→ **EXERCISE REQUIREMENTS**: Every line from the start of the records through the line with "#37=LINE('',#36,#35);" is to be written out exactly; pictures are not.

====== DATA UNDER STUDY ======

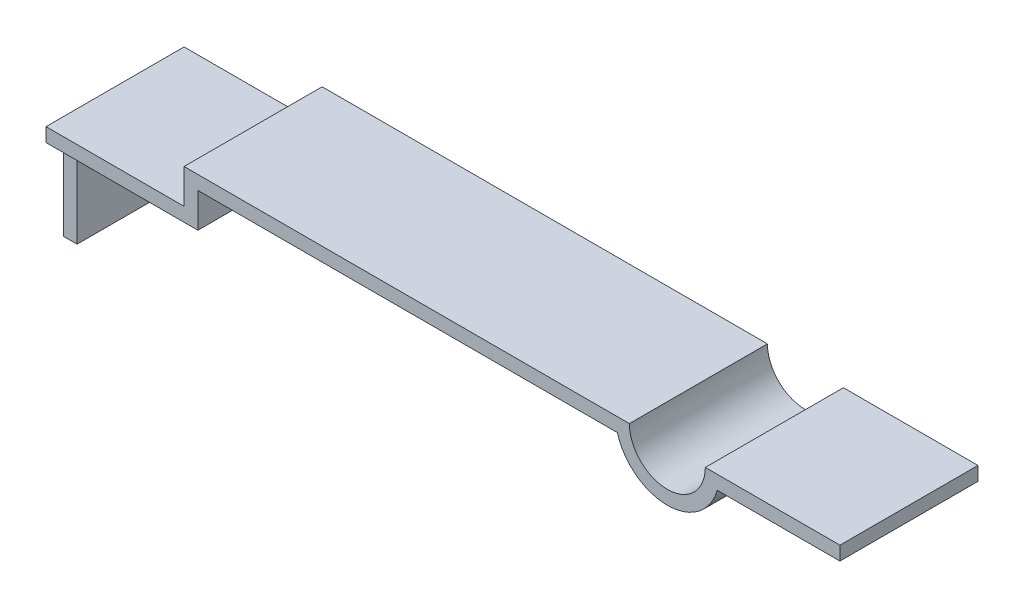
ISO-10303-21;
HEADER;
FILE_DESCRIPTION(('STEP AP214'),'2;1');
FILE_NAME('part.step','',(''),(''),'','','');
FILE_SCHEMA(('AUTOMOTIVE_DESIGN { 1 0 10303 214 1 1 1 1 }'));
ENDSEC;
DATA;
#1=APPLICATION_CONTEXT('core data for automotive mechanical design processes');
#2=APPLICATION_PROTOCOL_DEFINITION('international standard','automotive_design',2000,#1);
#3=PRODUCT_CONTEXT('',#1,'mechanical');
#4=PRODUCT('Part','Part','',(#3));
#5=PRODUCT_RELATED_PRODUCT_CATEGORY('part','',(#4));
#6=PRODUCT_DEFINITION_FORMATION('','',#4);
#7=PRODUCT_DEFINITION_CONTEXT('part definition',#1,'design');
#8=PRODUCT_DEFINITION('design','',#6,#7);
#9=PRODUCT_DEFINITION_SHAPE('','',#8);
#10=(LENGTH_UNIT() NAMED_UNIT(*) SI_UNIT(.MILLI.,.METRE.));
#11=(NAMED_UNIT(*) PLANE_ANGLE_UNIT() SI_UNIT($,.RADIAN.));
#12=(NAMED_UNIT(*) SI_UNIT($,.STERADIAN.) SOLID_ANGLE_UNIT());
#13=UNCERTAINTY_MEASURE_WITH_UNIT(LENGTH_MEASURE(1.E-05),#10,'distance_accuracy_value','');
#14=(GEOMETRIC_REPRESENTATION_CONTEXT(3) GLOBAL_UNCERTAINTY_ASSIGNED_CONTEXT((#13)) GLOBAL_UNIT_ASSIGNED_CONTEXT((#10,
#11,#12)) REPRESENTATION_CONTEXT('',''));
#15=CARTESIAN_POINT('',(0.,0.,0.));
#16=DIRECTION('',(0.,0.,1.));
#17=DIRECTION('',(1.,0.,0.));
#18=AXIS2_PLACEMENT_3D('',#15,#16,#17);
#19=CARTESIAN_POINT('',(0.,0.3,2.));
#20=DIRECTION('',(0.,1.,0.));
#21=DIRECTION('',(-1.,0.,0.));
#22=AXIS2_PLACEMENT_3D('',#19,#20,#21);
#23=PLANE('',#22);
#24=DIRECTION('',(1.,0.,0.));
#25=VECTOR('',#24,1.);
#26=CARTESIAN_POINT('',(0.,0.3,0.));
#27=LINE('',#26,#25);
#28=CARTESIAN_POINT('',(0.2,0.299999999999999,0.));
#29=VERTEX_POINT('',#28);
#30=CARTESIAN_POINT('',(6.27715838525995,0.299999999999978,0.));
#31=VERTEX_POINT('',#30);
#32=EDGE_CURVE('E168',#29,#31,#27,.T.);
#33=ORIENTED_EDGE('',*,*,#32,.T.);
#34=DIRECTION('',(0.,0.,-1.));
#35=VECTOR('',#34,1.);
#36=CARTESIAN_POINT('',(6.27715838525995,0.299999999999978,2.));
#37=LINE('',#36,#35);
#38=CARTESIAN_POINT('',(6.27715838525995,0.299999999999978,2.));
#39=VERTEX_POINT('',#38);
#40=EDGE_CURVE('E11',#39,#31,#37,.T.);
#41=ORIENTED_EDGE('',*,*,#40,.F.);
#42=DIRECTION('',(1.,0.,0.));
#43=VECTOR('',#42,1.);
#44=CARTESIAN_POINT('',(0.,0.3,2.));
#45=LINE('',#44,#43);
#46=CARTESIAN_POINT('',(0.2,0.299999999999999,2.));
#47=VERTEX_POINT('',#46);
#48=EDGE_CURVE('E197',#47,#39,#45,.T.);
#49=ORIENTED_EDGE('',*,*,#48,.F.);
#50=DIRECTION('',(0.,0.,-1.));
#51=VECTOR('',#50,1.);
#52=CARTESIAN_POINT('',(0.2,0.299999999999999,2.));
#53=LINE('',#52,#51);
#54=EDGE_CURVE('E167',#47,#29,#53,.T.);
#55=ORIENTED_EDGE('',*,*,#54,.T.);
#56=EDGE_LOOP('',(#33,#41,#49,#55));
#57=FACE_BOUND('',#56,.T.);
#58=ADVANCED_FACE('F35',(#57),#23,.F.);
#59=CARTESIAN_POINT('',(7.,0.499999999999976,2.));
#60=DIRECTION('',(0.,0.,-1.));
#61=DIRECTION('',(-1.,0.,0.));
#62=AXIS2_PLACEMENT_3D('',#59,#60,#61);
#63=CYLINDRICAL_SURFACE('',#62,0.75);
#64=CARTESIAN_POINT('',(7.,0.499999999999976,0.));
#65=DIRECTION('',(0.,0.,1.));
#66=DIRECTION('',(1.,0.,0.));
#67=AXIS2_PLACEMENT_3D('',#64,#65,#66);
#68=CIRCLE('',#67,0.75);
#69=CARTESIAN_POINT('',(7.72284161474005,0.299999999999973,0.));
#70=VERTEX_POINT('',#69);
#71=EDGE_CURVE('E171',#31,#70,#68,.T.);
#72=ORIENTED_EDGE('',*,*,#71,.T.);
#73=DIRECTION('',(0.,0.,-1.));
#74=VECTOR('',#73,1.);
#75=CARTESIAN_POINT('',(7.72284161474005,0.299999999999973,2.));
#76=LINE('',#75,#74);
#77=CARTESIAN_POINT('',(7.72284161474005,0.299999999999973,2.));
#78=VERTEX_POINT('',#77);
#79=EDGE_CURVE('E42',#78,#70,#76,.T.);
#80=ORIENTED_EDGE('',*,*,#79,.F.);
#81=CARTESIAN_POINT('',(7.,0.499999999999976,2.));
#82=DIRECTION('',(0.,0.,1.));
#83=DIRECTION('',(1.,0.,0.));
#84=AXIS2_PLACEMENT_3D('',#81,#82,#83);
#85=CIRCLE('',#84,0.75);
#86=EDGE_CURVE('E107',#39,#78,#85,.T.);
#87=ORIENTED_EDGE('',*,*,#86,.F.);
#88=ORIENTED_EDGE('',*,*,#40,.T.);
#89=EDGE_LOOP('',(#72,#80,#87,#88));
#90=FACE_BOUND('',#89,.T.);
#91=ADVANCED_FACE('F289',(#90),#63,.T.);
#92=CARTESIAN_POINT('',(0.,0.3,2.));
#93=DIRECTION('',(0.,1.,0.));
#94=DIRECTION('',(-1.,0.,0.));
#95=AXIS2_PLACEMENT_3D('',#92,#93,#94);
#96=PLANE('',#95);
#97=DIRECTION('',(1.,0.,0.));
#98=VECTOR('',#97,1.);
#99=CARTESIAN_POINT('',(0.,0.3,0.));
#100=LINE('',#99,#98);
#101=CARTESIAN_POINT('',(9.5,0.299999999999967,0.));
#102=VERTEX_POINT('',#101);
#103=EDGE_CURVE('E174',#70,#102,#100,.T.);
#104=ORIENTED_EDGE('',*,*,#103,.T.);
#105=DIRECTION('',(0.,0.,-1.));
#106=VECTOR('',#105,1.);
#107=CARTESIAN_POINT('',(9.5,0.299999999999967,2.));
#108=LINE('',#107,#106);
#109=CARTESIAN_POINT('',(9.5,0.299999999999967,2.));
#110=VERTEX_POINT('',#109);
#111=EDGE_CURVE('E218',#110,#102,#108,.T.);
#112=ORIENTED_EDGE('',*,*,#111,.F.);
#113=DIRECTION('',(1.,0.,0.));
#114=VECTOR('',#113,1.);
#115=CARTESIAN_POINT('',(0.,0.3,2.));
#116=LINE('',#115,#114);
#117=EDGE_CURVE('E225',#78,#110,#116,.T.);
#118=ORIENTED_EDGE('',*,*,#117,.F.);
#119=ORIENTED_EDGE('',*,*,#79,.T.);
#120=EDGE_LOOP('',(#104,#112,#118,#119));
#121=FACE_BOUND('',#120,.T.);
#122=ADVANCED_FACE('F223',(#121),#96,.F.);
#123=CARTESIAN_POINT('',(9.5,0.,2.));
#124=DIRECTION('',(1.,0.,0.));
#125=DIRECTION('',(0.,0.,-1.));
#126=AXIS2_PLACEMENT_3D('',#123,#124,#125);
#127=PLANE('',#126);
#128=DIRECTION('',(0.,-1.,0.));
#129=VECTOR('',#128,1.);
#130=CARTESIAN_POINT('',(9.5,0.,0.));
#131=LINE('',#130,#129);
#132=CARTESIAN_POINT('',(9.5,0.499999999999967,0.));
#133=VERTEX_POINT('',#132);
#134=EDGE_CURVE('E177',#133,#102,#131,.T.);
#135=ORIENTED_EDGE('',*,*,#134,.F.);
#136=DIRECTION('',(0.,0.,-1.));
#137=VECTOR('',#136,1.);
#138=CARTESIAN_POINT('',(9.5,0.499999999999967,2.));
#139=LINE('',#138,#137);
#140=CARTESIAN_POINT('',(9.5,0.499999999999967,2.));
#141=VERTEX_POINT('',#140);
#142=EDGE_CURVE('E216',#141,#133,#139,.T.);
#143=ORIENTED_EDGE('',*,*,#142,.F.);
#144=DIRECTION('',(0.,-1.,0.));
#145=VECTOR('',#144,1.);
#146=CARTESIAN_POINT('',(9.5,0.,2.));
#147=LINE('',#146,#145);
#148=EDGE_CURVE('E234',#141,#110,#147,.T.);
#149=ORIENTED_EDGE('',*,*,#148,.T.);
#150=ORIENTED_EDGE('',*,*,#111,.T.);
#151=EDGE_LOOP('',(#135,#143,#149,#150));
#152=FACE_BOUND('',#151,.T.);
#153=ADVANCED_FACE('F231',(#152),#127,.T.);
#154=CARTESIAN_POINT('',(0.,0.5,2.));
#155=DIRECTION('',(0.,1.,0.));
#156=DIRECTION('',(-1.,0.,0.));
#157=AXIS2_PLACEMENT_3D('',#154,#155,#156);
#158=PLANE('',#157);
#159=DIRECTION('',(1.,0.,0.));
#160=VECTOR('',#159,1.);
#161=CARTESIAN_POINT('',(0.,0.5,0.));
#162=LINE('',#161,#160);
#163=CARTESIAN_POINT('',(7.55,0.499999999999974,0.));
#164=VERTEX_POINT('',#163);
#165=EDGE_CURVE('E180',#164,#133,#162,.T.);
#166=ORIENTED_EDGE('',*,*,#165,.F.);
#167=DIRECTION('',(0.,0.,-1.));
#168=VECTOR('',#167,1.);
#169=CARTESIAN_POINT('',(7.55,0.499999999999974,2.));
#170=LINE('',#169,#168);
#171=CARTESIAN_POINT('',(7.55,0.499999999999974,2.));
#172=VERTEX_POINT('',#171);
#173=EDGE_CURVE('E214',#172,#164,#170,.T.);
#174=ORIENTED_EDGE('',*,*,#173,.F.);
#175=DIRECTION('',(1.,0.,0.));
#176=VECTOR('',#175,1.);
#177=CARTESIAN_POINT('',(0.,0.5,2.));
#178=LINE('',#177,#176);
#179=EDGE_CURVE('E237',#172,#141,#178,.T.);
#180=ORIENTED_EDGE('',*,*,#179,.T.);
#181=ORIENTED_EDGE('',*,*,#142,.T.);
#182=EDGE_LOOP('',(#166,#174,#180,#181));
#183=FACE_BOUND('',#182,.T.);
#184=ADVANCED_FACE('F299',(#183),#158,.T.);
#185=CARTESIAN_POINT('',(7.,0.499999999999976,2.));
#186=DIRECTION('',(0.,0.,-1.));
#187=DIRECTION('',(-1.,0.,0.));
#188=AXIS2_PLACEMENT_3D('',#185,#186,#187);
#189=CYLINDRICAL_SURFACE('',#188,0.55);
#190=CARTESIAN_POINT('',(7.,0.499999999999976,0.));
#191=DIRECTION('',(0.,0.,1.));
#192=DIRECTION('',(1.,0.,0.));
#193=AXIS2_PLACEMENT_3D('',#190,#191,#192);
#194=CIRCLE('',#193,0.55);
#195=CARTESIAN_POINT('',(6.45,0.499999999999978,0.));
#196=VERTEX_POINT('',#195);
#197=EDGE_CURVE('E183',#196,#164,#194,.T.);
#198=ORIENTED_EDGE('',*,*,#197,.F.);
#199=DIRECTION('',(0.,0.,-1.));
#200=VECTOR('',#199,1.);
#201=CARTESIAN_POINT('',(6.45,0.499999999999978,2.));
#202=LINE('',#201,#200);
#203=CARTESIAN_POINT('',(6.45,0.499999999999978,2.));
#204=VERTEX_POINT('',#203);
#205=EDGE_CURVE('E212',#204,#196,#202,.T.);
#206=ORIENTED_EDGE('',*,*,#205,.F.);
#207=CARTESIAN_POINT('',(7.,0.499999999999976,2.));
#208=DIRECTION('',(0.,0.,1.));
#209=DIRECTION('',(1.,0.,0.));
#210=AXIS2_PLACEMENT_3D('',#207,#208,#209);
#211=CIRCLE('',#210,0.55);
#212=EDGE_CURVE('E239',#204,#172,#211,.T.);
#213=ORIENTED_EDGE('',*,*,#212,.T.);
#214=ORIENTED_EDGE('',*,*,#173,.T.);
#215=EDGE_LOOP('',(#198,#206,#213,#214));
#216=FACE_BOUND('',#215,.T.);
#217=ADVANCED_FACE('F302',(#216),#189,.F.);
#218=CARTESIAN_POINT('',(0.,0.5,2.));
#219=DIRECTION('',(0.,1.,0.));
#220=DIRECTION('',(-1.,0.,0.));
#221=AXIS2_PLACEMENT_3D('',#218,#219,#220);
#222=PLANE('',#221);
#223=DIRECTION('',(1.,0.,0.));
#224=VECTOR('',#223,1.);
#225=CARTESIAN_POINT('',(0.,0.5,0.));
#226=LINE('',#225,#224);
#227=CARTESIAN_POINT('',(0.,0.5,0.));
#228=VERTEX_POINT('',#227);
#229=EDGE_CURVE('E186',#228,#196,#226,.T.);
#230=ORIENTED_EDGE('',*,*,#229,.F.);
#231=DIRECTION('',(0.,0.,-1.));
#232=VECTOR('',#231,1.);
#233=CARTESIAN_POINT('',(0.,0.5,2.));
#234=LINE('',#233,#232);
#235=CARTESIAN_POINT('',(0.,0.5,2.));
#236=VERTEX_POINT('',#235);
#237=EDGE_CURVE('E210',#236,#228,#234,.T.);
#238=ORIENTED_EDGE('',*,*,#237,.F.);
#239=DIRECTION('',(1.,0.,0.));
#240=VECTOR('',#239,1.);
#241=CARTESIAN_POINT('',(0.,0.5,2.));
#242=LINE('',#241,#240);
#243=EDGE_CURVE('E246',#236,#204,#242,.T.);
#244=ORIENTED_EDGE('',*,*,#243,.T.);
#245=ORIENTED_EDGE('',*,*,#205,.T.);
#246=EDGE_LOOP('',(#230,#238,#244,#245));
#247=FACE_BOUND('',#246,.T.);
#248=ADVANCED_FACE('F306',(#247),#222,.T.);
#249=CARTESIAN_POINT('',(0.,0.,2.));
#250=DIRECTION('',(-1.,0.,0.));
#251=DIRECTION('',(0.,0.,1.));
#252=AXIS2_PLACEMENT_3D('',#249,#250,#251);
#253=PLANE('',#252);
#254=DIRECTION('',(0.,1.,0.));
#255=VECTOR('',#254,1.);
#256=CARTESIAN_POINT('',(0.,0.,0.));
#257=LINE('',#256,#255);
#258=CARTESIAN_POINT('',(0.,0.,0.));
#259=VERTEX_POINT('',#258);
#260=EDGE_CURVE('E189',#259,#228,#257,.T.);
#261=ORIENTED_EDGE('',*,*,#260,.F.);
#262=DIRECTION('',(0.,0.,-1.));
#263=VECTOR('',#262,1.);
#264=CARTESIAN_POINT('',(0.,0.,2.));
#265=LINE('',#264,#263);
#266=CARTESIAN_POINT('',(0.,0.,2.));
#267=VERTEX_POINT('',#266);
#268=EDGE_CURVE('E151',#267,#259,#265,.T.);
#269=ORIENTED_EDGE('',*,*,#268,.F.);
#270=DIRECTION('',(0.,1.,0.));
#271=VECTOR('',#270,1.);
#272=CARTESIAN_POINT('',(0.,0.,2.));
#273=LINE('',#272,#271);
#274=EDGE_CURVE('E141',#267,#236,#273,.T.);
#275=ORIENTED_EDGE('',*,*,#274,.T.);
#276=ORIENTED_EDGE('',*,*,#237,.T.);
#277=EDGE_LOOP('',(#261,#269,#275,#276));
#278=FACE_BOUND('',#277,.T.);
#279=ADVANCED_FACE('F250',(#278),#253,.T.);
#280=CARTESIAN_POINT('',(0.,0.,2.));
#281=DIRECTION('',(0.,-1.,0.));
#282=DIRECTION('',(1.,0.,0.));
#283=AXIS2_PLACEMENT_3D('',#280,#281,#282);
#284=PLANE('',#283);
#285=DIRECTION('',(-1.,0.,0.));
#286=VECTOR('',#285,1.);
#287=CARTESIAN_POINT('',(0.,0.,0.));
#288=LINE('',#287,#286);
#289=CARTESIAN_POINT('',(-2.,0.,0.));
#290=VERTEX_POINT('',#289);
#291=EDGE_CURVE('E148',#259,#290,#288,.T.);
#292=ORIENTED_EDGE('',*,*,#291,.T.);
#293=DIRECTION('',(0.,0.,-1.));
#294=VECTOR('',#293,1.);
#295=CARTESIAN_POINT('',(-2.,0.,2.));
#296=LINE('',#295,#294);
#297=CARTESIAN_POINT('',(-2.,0.,2.));
#298=VERTEX_POINT('',#297);
#299=EDGE_CURVE('E145',#298,#290,#296,.T.);
#300=ORIENTED_EDGE('',*,*,#299,.F.);
#301=DIRECTION('',(-1.,0.,0.));
#302=VECTOR('',#301,1.);
#303=CARTESIAN_POINT('',(0.,0.,2.));
#304=LINE('',#303,#302);
#305=EDGE_CURVE('E134',#267,#298,#304,.T.);
#306=ORIENTED_EDGE('',*,*,#305,.F.);
#307=ORIENTED_EDGE('',*,*,#268,.T.);
#308=EDGE_LOOP('',(#292,#300,#306,#307));
#309=FACE_BOUND('',#308,.T.);
#310=ADVANCED_FACE('F146',(#309),#284,.F.);
#311=CARTESIAN_POINT('',(-2.,0.,2.));
#312=DIRECTION('',(1.,0.,0.));
#313=DIRECTION('',(0.,1.,0.));
#314=AXIS2_PLACEMENT_3D('',#311,#312,#313);
#315=PLANE('',#314);
#316=DIRECTION('',(0.,0.,1.));
#317=VECTOR('',#316,1.);
#318=CARTESIAN_POINT('',(-2.,-0.2,0.));
#319=LINE('',#318,#317);
#320=CARTESIAN_POINT('',(-2.,-0.2,0.));
#321=VERTEX_POINT('',#320);
#322=CARTESIAN_POINT('',(-2.,-0.2,0.25));
#323=VERTEX_POINT('',#322);
#324=EDGE_CURVE('E254',#321,#323,#319,.T.);
#325=ORIENTED_EDGE('',*,*,#324,.T.);
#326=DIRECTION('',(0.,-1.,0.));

======

→ **ANSWER SPACE**:
ISO-10303-21;
HEADER;
FILE_DESCRIPTION(('STEP AP214'),'2;1');
FILE_NAME('part.step','',(''),(''),'','','');
FILE_SCHEMA(('AUTOMOTIVE_DESIGN { 1 0 10303 214 1 1 1 1 }'));
ENDSEC;
DATA;
#1=APPLICATION_CONTEXT('core data for automotive mechanical design processes');
#2=APPLICATION_PROTOCOL_DEFINITION('international standard','automotive_design',2000,#1);
#3=PRODUCT_CONTEXT('',#1,'mechanical');
#4=PRODUCT('Part','Part','',(#3));
#5=PRODUCT_RELATED_PRODUCT_CATEGORY('part','',(#4));
#6=PRODUCT_DEFINITION_FORMATION('','',#4);
#7=PRODUCT_DEFINITION_CONTEXT('part definition',#1,'design');
#8=PRODUCT_DEFINITION('design','',#6,#7);
#9=PRODUCT_DEFINITION_SHAPE('','',#8);
#10=(LENGTH_UNIT() NAMED_UNIT(*) SI_UNIT(.MILLI.,.METRE.));
#11=(NAMED_UNIT(*) PLANE_ANGLE_UNIT() SI_UNIT($,.RADIAN.));
#12=(NAMED_UNIT(*) SI_UNIT($,.STERADIAN.) SOLID_ANGLE_UNIT());
#13=UNCERTAINTY_MEASURE_WITH_UNIT(LENGTH_MEASURE(1.E-05),#10,'distance_accuracy_value','');
#14=(GEOMETRIC_REPRESENTATION_CONTEXT(3) GLOBAL_UNCERTAINTY_ASSIGNED_CONTEXT((#13)) GLOBAL_UNIT_ASSIGNED_CONTEXT((#10,
#11,#12)) REPRESENTATION_CONTEXT('',''));
#15=CARTESIAN_POINT('',(0.,0.,0.));
#16=DIRECTION('',(0.,0.,1.));
#17=DIRECTION('',(1.,0.,0.));
#18=AXIS2_PLACEMENT_3D('',#15,#16,#17);
#19=CARTESIAN_POINT('',(0.,0.3,2.));
#20=DIRECTION('',(0.,1.,0.));
#21=DIRECTION('',(-1.,0.,0.));
#22=AXIS2_PLACEMENT_3D('',#19,#20,#21);
#23=PLANE('',#22);
#24=DIRECTION('',(1.,0.,0.));
#25=VECTOR('',#24,1.);
#26=CARTESIAN_POINT('',(0.,0.3,0.));
#27=LINE('',#26,#25);
#28=CARTESIAN_POINT('',(0.2,0.299999999999999,0.));
#29=VERTEX_POINT('',#28);
#30=CARTESIAN_POINT('',(6.27715838525995,0.299999999999978,0.));
#31=VERTEX_POINT('',#30);
#32=EDGE_CURVE('E168',#29,#31,#27,.T.);
#33=ORIENTED_EDGE('',*,*,#32,.T.);
#34=DIRECTION('',(0.,0.,-1.));
#35=VECTOR('',#34,1.);
#36=CARTESIAN_POINT('',(6.27715838525995,0.299999999999978,2.));
#37=LINE('',#36,#35);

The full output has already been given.